[Start of section]
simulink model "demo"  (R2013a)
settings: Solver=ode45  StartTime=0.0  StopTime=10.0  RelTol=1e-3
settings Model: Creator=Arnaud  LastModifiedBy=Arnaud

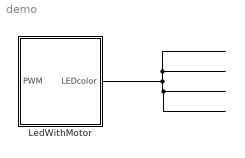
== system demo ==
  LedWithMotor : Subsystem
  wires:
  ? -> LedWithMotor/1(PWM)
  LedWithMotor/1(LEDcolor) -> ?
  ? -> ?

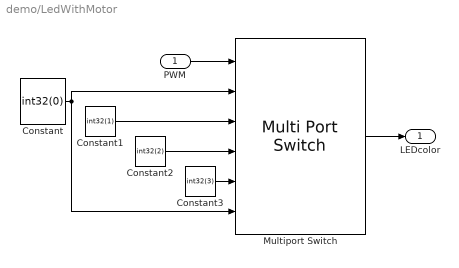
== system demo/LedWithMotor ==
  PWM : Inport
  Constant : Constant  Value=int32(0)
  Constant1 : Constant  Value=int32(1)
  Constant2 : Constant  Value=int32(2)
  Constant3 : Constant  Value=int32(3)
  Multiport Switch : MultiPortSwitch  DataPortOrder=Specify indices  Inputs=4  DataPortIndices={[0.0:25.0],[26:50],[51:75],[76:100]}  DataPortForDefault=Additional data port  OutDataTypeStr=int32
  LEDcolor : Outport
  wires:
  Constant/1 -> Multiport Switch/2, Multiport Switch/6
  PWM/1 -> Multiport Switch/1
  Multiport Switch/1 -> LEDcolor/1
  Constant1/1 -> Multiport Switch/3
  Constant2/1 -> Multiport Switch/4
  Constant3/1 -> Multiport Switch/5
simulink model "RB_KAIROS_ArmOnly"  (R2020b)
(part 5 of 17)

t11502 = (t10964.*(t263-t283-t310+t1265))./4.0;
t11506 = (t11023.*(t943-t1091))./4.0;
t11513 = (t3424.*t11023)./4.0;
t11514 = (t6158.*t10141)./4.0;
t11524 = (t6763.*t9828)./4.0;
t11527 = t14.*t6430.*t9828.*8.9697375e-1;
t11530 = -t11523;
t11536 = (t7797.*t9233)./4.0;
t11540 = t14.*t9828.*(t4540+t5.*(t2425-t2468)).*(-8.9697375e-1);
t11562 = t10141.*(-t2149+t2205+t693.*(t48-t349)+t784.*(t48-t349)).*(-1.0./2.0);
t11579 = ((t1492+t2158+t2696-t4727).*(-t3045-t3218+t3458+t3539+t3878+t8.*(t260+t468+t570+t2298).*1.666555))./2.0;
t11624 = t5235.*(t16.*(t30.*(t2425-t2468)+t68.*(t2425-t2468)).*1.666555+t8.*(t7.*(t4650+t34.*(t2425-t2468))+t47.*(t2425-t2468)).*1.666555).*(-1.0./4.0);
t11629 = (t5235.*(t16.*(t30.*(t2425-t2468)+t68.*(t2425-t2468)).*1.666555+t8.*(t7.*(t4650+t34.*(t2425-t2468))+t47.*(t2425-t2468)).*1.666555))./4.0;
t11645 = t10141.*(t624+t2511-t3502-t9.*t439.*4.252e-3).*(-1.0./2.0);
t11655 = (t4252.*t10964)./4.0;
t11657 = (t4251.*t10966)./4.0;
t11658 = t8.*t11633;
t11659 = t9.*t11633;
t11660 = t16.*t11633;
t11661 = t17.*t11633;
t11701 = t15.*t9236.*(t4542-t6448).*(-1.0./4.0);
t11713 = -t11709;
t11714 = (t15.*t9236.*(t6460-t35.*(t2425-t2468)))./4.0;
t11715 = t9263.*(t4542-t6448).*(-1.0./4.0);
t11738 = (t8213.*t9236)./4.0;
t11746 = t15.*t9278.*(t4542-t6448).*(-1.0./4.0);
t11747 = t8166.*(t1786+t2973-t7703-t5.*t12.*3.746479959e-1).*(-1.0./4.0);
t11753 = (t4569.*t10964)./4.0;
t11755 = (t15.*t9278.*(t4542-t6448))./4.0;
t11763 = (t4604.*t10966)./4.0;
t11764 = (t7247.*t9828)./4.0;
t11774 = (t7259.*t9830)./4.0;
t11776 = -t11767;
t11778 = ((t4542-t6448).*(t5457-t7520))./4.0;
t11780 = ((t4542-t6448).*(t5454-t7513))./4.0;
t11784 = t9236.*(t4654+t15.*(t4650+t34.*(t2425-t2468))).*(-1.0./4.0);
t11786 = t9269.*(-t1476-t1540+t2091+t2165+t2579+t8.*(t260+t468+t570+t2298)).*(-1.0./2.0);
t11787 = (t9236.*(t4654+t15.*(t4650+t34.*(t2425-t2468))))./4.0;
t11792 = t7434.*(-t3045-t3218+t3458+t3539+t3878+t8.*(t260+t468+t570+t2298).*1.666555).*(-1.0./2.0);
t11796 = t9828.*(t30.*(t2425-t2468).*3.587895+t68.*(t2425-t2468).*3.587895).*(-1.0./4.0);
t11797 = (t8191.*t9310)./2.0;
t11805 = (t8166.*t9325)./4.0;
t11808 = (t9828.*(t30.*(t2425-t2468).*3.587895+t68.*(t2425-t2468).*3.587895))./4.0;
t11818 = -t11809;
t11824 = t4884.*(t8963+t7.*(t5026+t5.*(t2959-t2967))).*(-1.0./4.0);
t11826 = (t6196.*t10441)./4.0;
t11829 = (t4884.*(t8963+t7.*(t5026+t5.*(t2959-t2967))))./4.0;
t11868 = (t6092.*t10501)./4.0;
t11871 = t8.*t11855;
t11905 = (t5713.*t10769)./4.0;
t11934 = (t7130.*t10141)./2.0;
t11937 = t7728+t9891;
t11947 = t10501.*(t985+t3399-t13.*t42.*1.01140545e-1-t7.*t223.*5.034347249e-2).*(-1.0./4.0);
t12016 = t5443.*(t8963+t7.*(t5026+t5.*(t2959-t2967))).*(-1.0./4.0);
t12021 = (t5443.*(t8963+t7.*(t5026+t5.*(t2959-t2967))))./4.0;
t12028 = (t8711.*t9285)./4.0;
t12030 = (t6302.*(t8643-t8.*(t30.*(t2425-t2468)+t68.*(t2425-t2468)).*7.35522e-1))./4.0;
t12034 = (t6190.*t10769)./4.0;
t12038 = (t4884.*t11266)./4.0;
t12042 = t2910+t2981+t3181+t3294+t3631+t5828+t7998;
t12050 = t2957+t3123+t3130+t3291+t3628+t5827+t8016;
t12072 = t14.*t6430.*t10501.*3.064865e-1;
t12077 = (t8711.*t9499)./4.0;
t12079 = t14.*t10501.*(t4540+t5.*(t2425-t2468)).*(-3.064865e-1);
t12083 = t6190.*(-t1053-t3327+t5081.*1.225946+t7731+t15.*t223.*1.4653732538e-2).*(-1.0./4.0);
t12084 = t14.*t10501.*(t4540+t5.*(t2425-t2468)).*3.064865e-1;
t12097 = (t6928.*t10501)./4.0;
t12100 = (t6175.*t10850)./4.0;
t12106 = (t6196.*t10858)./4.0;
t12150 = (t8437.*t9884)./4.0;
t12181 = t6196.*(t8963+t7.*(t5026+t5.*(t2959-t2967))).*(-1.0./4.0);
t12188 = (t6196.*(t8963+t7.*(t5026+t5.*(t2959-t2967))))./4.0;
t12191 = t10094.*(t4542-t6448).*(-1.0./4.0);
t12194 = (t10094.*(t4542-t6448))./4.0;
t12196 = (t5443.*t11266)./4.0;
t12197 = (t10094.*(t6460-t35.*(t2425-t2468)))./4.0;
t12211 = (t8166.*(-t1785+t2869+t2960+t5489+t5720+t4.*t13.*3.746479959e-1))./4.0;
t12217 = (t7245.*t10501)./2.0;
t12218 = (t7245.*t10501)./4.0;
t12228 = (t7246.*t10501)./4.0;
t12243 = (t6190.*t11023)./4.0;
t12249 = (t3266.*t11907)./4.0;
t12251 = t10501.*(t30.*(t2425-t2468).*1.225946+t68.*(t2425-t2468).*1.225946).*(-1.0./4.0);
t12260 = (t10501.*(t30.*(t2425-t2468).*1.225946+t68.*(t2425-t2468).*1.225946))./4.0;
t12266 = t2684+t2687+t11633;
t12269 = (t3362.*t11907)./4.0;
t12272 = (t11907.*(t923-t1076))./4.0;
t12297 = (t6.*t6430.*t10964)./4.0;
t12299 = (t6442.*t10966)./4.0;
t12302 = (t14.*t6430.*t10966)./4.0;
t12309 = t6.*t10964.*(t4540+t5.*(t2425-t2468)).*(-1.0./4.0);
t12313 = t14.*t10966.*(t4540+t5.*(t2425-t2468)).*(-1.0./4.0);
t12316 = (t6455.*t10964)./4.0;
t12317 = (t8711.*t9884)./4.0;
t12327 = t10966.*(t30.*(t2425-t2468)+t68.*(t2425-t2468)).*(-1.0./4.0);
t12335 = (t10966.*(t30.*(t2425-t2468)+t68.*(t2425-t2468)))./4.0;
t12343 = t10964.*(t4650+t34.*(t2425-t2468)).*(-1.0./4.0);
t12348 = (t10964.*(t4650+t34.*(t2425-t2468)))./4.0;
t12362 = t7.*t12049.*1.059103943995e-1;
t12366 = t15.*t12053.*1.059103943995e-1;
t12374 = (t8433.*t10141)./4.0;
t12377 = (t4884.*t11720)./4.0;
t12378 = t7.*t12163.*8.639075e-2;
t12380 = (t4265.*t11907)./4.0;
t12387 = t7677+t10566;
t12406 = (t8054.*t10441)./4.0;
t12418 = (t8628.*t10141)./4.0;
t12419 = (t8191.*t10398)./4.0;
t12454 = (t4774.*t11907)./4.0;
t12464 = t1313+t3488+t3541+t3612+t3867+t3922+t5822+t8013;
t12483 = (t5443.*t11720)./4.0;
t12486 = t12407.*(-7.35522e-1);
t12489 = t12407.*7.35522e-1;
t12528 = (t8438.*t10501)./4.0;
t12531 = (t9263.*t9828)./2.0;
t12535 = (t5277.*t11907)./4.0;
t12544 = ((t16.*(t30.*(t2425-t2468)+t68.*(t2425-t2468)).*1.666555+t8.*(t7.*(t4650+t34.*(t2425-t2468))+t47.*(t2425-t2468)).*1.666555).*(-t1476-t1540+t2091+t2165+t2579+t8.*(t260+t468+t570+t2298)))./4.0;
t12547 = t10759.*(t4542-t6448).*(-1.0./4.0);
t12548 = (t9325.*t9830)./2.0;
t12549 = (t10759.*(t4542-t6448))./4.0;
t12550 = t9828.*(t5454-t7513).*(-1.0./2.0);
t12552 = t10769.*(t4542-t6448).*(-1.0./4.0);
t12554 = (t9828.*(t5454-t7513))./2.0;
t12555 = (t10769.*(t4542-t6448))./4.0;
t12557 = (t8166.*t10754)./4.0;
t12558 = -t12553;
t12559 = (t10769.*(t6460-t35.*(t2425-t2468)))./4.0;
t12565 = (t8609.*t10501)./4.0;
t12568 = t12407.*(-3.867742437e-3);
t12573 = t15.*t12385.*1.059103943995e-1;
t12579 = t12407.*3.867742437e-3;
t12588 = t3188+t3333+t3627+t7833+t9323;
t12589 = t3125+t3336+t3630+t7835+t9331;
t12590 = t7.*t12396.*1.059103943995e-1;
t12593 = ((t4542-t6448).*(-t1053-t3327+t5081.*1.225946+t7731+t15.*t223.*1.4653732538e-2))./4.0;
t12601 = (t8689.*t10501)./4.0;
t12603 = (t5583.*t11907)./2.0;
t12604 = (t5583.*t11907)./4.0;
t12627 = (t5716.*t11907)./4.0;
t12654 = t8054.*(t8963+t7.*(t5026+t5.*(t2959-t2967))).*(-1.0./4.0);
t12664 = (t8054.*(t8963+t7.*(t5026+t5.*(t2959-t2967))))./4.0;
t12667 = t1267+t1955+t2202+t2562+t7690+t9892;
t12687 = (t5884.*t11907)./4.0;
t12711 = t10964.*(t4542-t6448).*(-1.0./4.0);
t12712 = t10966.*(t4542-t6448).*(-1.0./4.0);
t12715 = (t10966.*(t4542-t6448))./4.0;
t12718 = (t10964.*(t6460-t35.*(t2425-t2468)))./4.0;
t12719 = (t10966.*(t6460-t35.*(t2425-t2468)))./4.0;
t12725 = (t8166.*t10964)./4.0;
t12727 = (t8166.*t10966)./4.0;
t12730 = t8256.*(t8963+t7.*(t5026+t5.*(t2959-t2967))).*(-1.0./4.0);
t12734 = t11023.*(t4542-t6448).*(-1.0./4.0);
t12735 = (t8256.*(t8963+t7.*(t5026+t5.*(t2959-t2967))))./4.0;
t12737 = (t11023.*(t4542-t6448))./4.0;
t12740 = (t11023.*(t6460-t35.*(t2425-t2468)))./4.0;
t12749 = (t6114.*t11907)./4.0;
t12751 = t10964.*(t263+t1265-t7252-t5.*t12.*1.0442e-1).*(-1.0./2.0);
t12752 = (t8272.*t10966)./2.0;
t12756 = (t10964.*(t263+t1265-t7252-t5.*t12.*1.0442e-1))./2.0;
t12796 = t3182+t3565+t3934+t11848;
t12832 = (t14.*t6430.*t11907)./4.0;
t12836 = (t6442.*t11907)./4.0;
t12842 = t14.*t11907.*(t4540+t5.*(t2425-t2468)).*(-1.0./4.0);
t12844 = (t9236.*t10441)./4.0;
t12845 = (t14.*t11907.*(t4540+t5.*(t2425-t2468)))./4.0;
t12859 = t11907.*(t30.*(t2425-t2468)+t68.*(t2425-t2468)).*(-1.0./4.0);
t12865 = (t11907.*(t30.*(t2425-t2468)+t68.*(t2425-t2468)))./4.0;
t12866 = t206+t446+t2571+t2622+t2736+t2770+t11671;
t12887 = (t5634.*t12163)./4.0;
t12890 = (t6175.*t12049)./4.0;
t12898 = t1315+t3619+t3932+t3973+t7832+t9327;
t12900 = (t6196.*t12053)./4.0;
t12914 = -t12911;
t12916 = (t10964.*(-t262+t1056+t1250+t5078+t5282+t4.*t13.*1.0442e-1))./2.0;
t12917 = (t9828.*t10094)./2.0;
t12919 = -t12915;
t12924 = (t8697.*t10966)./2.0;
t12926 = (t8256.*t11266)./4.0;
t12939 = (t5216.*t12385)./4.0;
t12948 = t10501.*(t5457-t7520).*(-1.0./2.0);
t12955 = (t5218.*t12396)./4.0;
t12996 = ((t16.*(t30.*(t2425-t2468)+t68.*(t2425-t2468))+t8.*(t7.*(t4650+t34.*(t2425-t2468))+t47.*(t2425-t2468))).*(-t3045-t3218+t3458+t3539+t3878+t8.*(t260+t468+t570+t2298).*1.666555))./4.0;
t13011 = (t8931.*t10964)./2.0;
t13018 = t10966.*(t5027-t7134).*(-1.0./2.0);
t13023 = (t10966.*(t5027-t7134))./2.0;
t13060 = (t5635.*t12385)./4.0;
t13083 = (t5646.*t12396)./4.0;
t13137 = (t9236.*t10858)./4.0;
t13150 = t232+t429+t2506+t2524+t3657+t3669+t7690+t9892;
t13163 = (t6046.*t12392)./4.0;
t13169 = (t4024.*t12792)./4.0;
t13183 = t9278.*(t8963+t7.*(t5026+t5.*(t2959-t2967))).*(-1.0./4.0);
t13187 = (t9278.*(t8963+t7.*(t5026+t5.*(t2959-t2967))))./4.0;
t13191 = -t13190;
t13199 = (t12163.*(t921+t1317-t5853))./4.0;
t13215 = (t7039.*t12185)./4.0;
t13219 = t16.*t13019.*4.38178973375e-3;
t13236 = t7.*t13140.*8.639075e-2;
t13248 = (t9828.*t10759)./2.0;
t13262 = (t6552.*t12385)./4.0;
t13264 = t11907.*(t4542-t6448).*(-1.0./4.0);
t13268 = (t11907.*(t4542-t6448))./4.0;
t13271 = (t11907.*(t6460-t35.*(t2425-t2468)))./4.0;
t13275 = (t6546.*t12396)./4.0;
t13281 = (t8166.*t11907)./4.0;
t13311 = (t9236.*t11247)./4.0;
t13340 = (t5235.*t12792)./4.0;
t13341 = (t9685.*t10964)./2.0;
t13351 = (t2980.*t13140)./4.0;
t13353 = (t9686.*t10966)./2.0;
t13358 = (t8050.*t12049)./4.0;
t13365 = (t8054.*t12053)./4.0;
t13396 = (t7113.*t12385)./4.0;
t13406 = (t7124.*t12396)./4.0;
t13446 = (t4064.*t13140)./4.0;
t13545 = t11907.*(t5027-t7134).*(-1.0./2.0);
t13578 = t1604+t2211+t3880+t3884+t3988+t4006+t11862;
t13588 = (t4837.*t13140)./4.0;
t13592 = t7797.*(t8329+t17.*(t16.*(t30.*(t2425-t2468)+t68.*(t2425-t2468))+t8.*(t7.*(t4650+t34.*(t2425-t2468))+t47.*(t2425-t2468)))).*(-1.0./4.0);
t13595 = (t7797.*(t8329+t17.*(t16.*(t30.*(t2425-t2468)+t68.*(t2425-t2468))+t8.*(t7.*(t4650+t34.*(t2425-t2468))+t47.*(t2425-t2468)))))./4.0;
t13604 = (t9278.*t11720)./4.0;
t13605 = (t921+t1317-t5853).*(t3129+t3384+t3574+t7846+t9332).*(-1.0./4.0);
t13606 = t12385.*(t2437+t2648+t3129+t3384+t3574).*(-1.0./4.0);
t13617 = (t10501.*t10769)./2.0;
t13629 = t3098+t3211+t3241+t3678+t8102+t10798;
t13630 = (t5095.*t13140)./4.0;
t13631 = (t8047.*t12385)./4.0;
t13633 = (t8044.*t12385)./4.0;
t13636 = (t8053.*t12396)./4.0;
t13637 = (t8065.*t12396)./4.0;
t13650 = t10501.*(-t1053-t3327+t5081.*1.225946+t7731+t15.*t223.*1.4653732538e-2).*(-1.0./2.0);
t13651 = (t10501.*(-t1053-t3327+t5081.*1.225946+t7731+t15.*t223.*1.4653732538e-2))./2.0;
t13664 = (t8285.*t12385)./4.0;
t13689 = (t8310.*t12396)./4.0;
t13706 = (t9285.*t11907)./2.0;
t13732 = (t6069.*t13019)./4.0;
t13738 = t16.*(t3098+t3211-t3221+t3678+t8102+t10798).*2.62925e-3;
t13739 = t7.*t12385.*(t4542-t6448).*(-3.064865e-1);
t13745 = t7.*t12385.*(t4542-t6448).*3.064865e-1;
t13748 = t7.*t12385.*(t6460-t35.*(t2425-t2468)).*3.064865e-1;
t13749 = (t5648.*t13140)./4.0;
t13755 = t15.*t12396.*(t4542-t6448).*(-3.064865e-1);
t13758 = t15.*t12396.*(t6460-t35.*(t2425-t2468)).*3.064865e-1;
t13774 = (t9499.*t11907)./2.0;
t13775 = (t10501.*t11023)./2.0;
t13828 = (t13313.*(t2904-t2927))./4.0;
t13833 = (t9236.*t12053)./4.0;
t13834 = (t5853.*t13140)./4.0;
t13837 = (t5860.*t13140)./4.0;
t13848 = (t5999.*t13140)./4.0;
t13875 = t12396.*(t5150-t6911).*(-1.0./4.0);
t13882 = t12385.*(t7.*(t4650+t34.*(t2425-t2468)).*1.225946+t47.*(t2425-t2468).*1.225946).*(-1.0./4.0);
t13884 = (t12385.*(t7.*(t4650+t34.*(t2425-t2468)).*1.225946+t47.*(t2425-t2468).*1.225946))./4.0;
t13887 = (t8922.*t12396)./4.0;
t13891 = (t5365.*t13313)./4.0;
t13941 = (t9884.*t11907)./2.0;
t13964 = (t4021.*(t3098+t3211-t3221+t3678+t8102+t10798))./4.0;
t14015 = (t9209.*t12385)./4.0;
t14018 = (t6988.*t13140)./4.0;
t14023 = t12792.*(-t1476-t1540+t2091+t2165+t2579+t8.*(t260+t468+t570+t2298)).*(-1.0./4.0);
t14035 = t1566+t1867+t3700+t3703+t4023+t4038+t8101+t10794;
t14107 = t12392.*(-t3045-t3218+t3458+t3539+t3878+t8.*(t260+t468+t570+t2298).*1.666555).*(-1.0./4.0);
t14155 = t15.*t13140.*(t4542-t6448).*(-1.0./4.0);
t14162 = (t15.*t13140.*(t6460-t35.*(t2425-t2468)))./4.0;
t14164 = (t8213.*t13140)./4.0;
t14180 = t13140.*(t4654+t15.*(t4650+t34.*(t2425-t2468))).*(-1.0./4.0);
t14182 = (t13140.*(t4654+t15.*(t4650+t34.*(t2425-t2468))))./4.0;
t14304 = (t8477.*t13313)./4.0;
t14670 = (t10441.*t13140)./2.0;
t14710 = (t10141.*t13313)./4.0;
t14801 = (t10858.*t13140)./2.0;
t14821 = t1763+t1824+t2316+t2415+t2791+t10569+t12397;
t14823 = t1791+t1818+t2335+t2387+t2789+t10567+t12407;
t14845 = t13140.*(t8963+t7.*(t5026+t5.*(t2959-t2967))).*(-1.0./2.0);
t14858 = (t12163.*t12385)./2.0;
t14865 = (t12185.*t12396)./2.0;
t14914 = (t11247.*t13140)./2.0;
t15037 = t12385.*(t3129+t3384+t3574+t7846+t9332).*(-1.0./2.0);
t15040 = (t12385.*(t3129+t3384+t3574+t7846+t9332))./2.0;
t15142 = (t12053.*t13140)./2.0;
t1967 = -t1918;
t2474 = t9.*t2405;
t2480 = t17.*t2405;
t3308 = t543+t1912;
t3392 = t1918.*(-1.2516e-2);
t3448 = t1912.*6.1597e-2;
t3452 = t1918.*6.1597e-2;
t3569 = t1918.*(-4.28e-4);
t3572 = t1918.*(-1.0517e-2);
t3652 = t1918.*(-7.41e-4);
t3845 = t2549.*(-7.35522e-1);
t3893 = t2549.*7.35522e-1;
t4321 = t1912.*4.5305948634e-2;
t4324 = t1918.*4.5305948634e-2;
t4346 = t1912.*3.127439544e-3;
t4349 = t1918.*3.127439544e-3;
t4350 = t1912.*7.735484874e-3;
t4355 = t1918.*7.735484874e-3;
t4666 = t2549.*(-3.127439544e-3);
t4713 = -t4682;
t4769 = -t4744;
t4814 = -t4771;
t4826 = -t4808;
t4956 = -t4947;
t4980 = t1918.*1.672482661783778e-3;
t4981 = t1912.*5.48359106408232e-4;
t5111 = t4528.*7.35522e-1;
[End of section]
Required work:
Output the lines, exactly: the first line of the entries above, every line after it, and the line with "t11655 = (t4252.*t10964)./4.0;" as the last. No pictures.

Task result:
simulink model "demo"  (R2013a)
settings: Solver=ode45  StartTime=0.0  StopTime=10.0  RelTol=1e-3
settings Model: Creator=Arnaud  LastModifiedBy=Arnaud

== system demo ==
  LedWithMotor : Subsystem
  wires:
  ? -> LedWithMotor/1(PWM)
  LedWithMotor/1(LEDcolor) -> ?
  ? -> ?

== system demo/LedWithMotor ==
  PWM : Inport
  Constant : Constant  Value=int32(0)
  Constant1 : Constant  Value=int32(1)
  Constant2 : Constant  Value=int32(2)
  Constant3 : Constant  Value=int32(3)
  Multiport Switch : MultiPortSwitch  DataPortOrder=Specify indices  Inputs=4  DataPortIndices={[0.0:25.0],[26:50],[51:75],[76:100]}  DataPortForDefault=Additional data port  OutDataTypeStr=int32
  LEDcolor : Outport
  wires:
  Constant/1 -> Multiport Switch/2, Multiport Switch/6
  PWM/1 -> Multiport Switch/1
  Multiport Switch/1 -> LEDcolor/1
  Constant1/1 -> Multiport Switch/3
  Constant2/1 -> Multiport Switch/4
  Constant3/1 -> Multiport Switch/5
simulink model "RB_KAIROS_ArmOnly"  (R2020b)
(part 5 of 17)

t11502 = (t10964.*(t263-t283-t310+t1265))./4.0;
t11506 = (t11023.*(t943-t1091))./4.0;
t11513 = (t3424.*t11023)./4.0;
t11514 = (t6158.*t10141)./4.0;
t11524 = (t6763.*t9828)./4.0;
t11527 = t14.*t6430.*t9828.*8.9697375e-1;
t11530 = -t11523;
t11536 = (t7797.*t9233)./4.0;
t11540 = t14.*t9828.*(t4540+t5.*(t2425-t2468)).*(-8.9697375e-1);
t11562 = t10141.*(-t2149+t2205+t693.*(t48-t349)+t784.*(t48-t349)).*(-1.0./2.0);
t11579 = ((t1492+t2158+t2696-t4727).*(-t3045-t3218+t3458+t3539+t3878+t8.*(t260+t468+t570+t2298).*1.666555))./2.0;
t11624 = t5235.*(t16.*(t30.*(t2425-t2468)+t68.*(t2425-t2468)).*1.666555+t8.*(t7.*(t4650+t34.*(t2425-t2468))+t47.*(t2425-t2468)).*1.666555).*(-1.0./4.0);
t11629 = (t5235.*(t16.*(t30.*(t2425-t2468)+t68.*(t2425-t2468)).*1.666555+t8.*(t7.*(t4650+t34.*(t2425-t2468))+t47.*(t2425-t2468)).*1.666555))./4.0;
t11645 = t10141.*(t624+t2511-t3502-t9.*t439.*4.252e-3).*(-1.0./2.0);
t11655 = (t4252.*t10964)./4.0;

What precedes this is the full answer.